GOAL OF THE EXERCISE: Read through the listing, and wherever a line holds the word "extrude", return it.

LISTED ENTRIES:

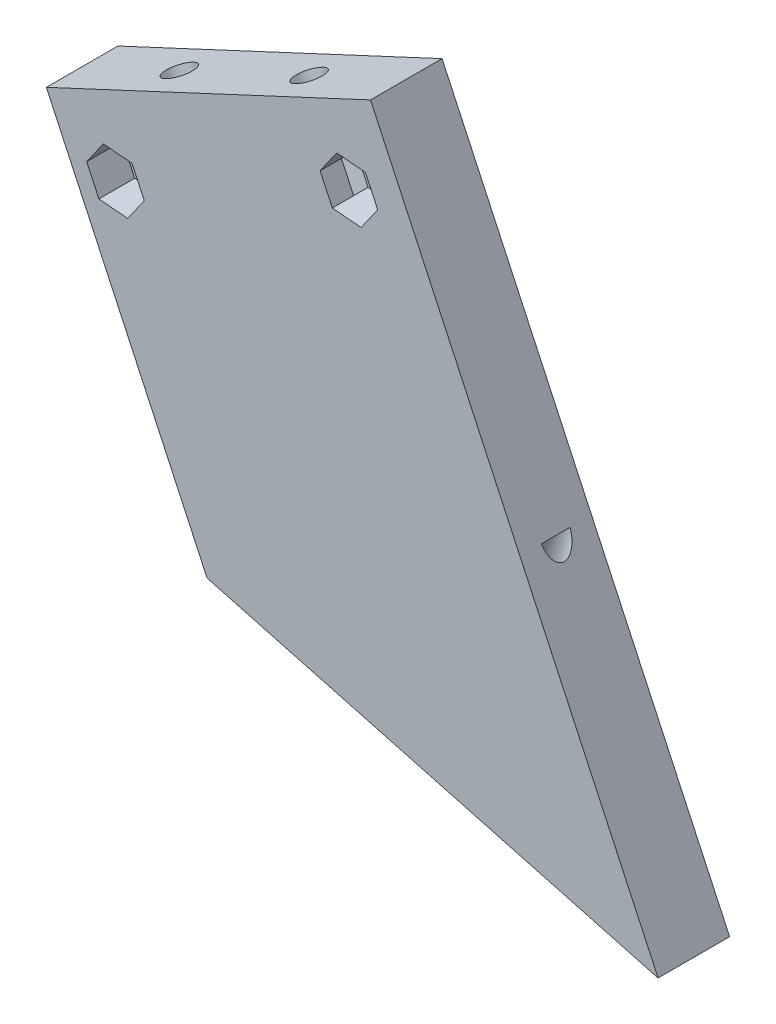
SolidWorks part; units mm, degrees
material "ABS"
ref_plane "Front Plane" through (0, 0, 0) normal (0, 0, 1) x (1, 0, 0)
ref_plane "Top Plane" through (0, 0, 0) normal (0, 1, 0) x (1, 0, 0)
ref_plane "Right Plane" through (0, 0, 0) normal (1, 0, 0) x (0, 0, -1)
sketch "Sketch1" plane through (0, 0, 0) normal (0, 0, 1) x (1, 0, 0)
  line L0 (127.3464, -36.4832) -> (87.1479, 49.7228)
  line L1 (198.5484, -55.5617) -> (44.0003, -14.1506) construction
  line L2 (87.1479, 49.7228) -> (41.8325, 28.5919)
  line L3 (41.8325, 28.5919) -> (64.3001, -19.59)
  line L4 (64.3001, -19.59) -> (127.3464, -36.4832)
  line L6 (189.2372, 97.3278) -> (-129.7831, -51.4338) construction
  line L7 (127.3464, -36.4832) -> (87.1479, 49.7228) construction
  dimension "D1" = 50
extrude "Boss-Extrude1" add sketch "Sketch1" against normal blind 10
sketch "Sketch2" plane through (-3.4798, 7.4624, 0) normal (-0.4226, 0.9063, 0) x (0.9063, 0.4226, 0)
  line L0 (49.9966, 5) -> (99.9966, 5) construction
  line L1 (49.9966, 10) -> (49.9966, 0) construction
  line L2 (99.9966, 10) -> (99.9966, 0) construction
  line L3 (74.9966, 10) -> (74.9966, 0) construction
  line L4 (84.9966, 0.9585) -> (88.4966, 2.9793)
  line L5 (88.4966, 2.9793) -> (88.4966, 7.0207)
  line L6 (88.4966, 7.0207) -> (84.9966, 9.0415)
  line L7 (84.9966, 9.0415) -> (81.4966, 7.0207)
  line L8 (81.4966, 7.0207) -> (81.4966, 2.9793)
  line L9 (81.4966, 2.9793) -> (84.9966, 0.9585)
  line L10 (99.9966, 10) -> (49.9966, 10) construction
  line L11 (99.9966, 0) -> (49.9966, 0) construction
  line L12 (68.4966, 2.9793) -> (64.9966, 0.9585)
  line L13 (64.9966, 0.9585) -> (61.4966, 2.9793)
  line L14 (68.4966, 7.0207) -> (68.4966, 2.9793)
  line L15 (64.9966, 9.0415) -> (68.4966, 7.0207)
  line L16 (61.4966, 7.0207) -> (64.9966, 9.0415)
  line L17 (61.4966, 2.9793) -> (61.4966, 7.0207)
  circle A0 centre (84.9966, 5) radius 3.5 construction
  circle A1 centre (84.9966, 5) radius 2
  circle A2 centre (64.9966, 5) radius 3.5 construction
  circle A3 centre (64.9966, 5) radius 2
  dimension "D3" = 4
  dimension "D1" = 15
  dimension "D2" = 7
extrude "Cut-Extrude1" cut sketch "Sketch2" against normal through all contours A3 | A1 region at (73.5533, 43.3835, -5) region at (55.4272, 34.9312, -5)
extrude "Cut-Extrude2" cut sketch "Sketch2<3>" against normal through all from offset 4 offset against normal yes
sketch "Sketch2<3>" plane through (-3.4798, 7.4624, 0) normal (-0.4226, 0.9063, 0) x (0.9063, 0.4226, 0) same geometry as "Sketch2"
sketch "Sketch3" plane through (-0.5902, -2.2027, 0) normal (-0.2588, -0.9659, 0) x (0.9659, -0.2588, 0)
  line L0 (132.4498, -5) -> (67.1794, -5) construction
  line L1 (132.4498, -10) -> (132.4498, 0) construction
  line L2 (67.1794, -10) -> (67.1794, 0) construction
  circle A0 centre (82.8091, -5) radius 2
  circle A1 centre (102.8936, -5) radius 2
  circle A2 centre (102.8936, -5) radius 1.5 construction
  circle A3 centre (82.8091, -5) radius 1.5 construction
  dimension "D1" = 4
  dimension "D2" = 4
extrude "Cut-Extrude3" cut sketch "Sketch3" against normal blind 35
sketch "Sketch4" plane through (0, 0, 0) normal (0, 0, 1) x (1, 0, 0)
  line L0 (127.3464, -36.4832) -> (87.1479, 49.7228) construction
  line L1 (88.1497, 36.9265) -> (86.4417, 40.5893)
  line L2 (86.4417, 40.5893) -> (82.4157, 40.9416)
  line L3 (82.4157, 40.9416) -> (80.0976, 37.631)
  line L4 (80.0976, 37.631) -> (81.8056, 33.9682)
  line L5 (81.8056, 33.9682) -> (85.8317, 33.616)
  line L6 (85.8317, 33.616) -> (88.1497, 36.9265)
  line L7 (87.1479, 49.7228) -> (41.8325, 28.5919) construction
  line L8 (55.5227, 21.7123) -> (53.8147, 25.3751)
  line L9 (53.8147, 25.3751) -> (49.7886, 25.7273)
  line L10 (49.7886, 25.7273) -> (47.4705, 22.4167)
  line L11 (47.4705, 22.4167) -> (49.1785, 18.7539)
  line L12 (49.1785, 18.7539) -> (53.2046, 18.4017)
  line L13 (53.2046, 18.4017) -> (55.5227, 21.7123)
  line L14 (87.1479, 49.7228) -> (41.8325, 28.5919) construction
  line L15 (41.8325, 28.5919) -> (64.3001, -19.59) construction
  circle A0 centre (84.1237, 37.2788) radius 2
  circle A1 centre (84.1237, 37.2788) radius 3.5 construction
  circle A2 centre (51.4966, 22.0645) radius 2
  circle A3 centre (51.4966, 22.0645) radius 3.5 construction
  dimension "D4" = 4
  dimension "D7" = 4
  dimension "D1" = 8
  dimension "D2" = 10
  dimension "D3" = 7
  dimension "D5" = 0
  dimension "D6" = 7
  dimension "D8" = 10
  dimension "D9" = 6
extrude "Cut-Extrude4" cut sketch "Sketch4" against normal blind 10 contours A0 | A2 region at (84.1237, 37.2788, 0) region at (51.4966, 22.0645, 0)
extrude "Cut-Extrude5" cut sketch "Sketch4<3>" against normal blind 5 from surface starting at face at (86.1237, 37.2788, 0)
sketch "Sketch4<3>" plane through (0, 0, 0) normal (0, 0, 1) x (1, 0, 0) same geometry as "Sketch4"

RESULT BELOW:
extrude "Boss-Extrude1" add sketch "Sketch1" against normal blind 10
extrude "Cut-Extrude1" cut sketch "Sketch2" against normal through all contours A3 | A1 region at (73.5533, 43.3835, -5) region at (55.4272, 34.9312, -5)
extrude "Cut-Extrude2" cut sketch "Sketch2<3>" against normal through all from offset 4 offset against normal yes
extrude "Cut-Extrude3" cut sketch "Sketch3" against normal blind 35
extrude "Cut-Extrude4" cut sketch "Sketch4" against normal blind 10 contours A0 | A2 region at (84.1237, 37.2788, 0) region at (51.4966, 22.0645, 0)
extrude "Cut-Extrude5" cut sketch "Sketch4<3>" against normal blind 5 from surface starting at face at (86.1237, 37.2788, 0)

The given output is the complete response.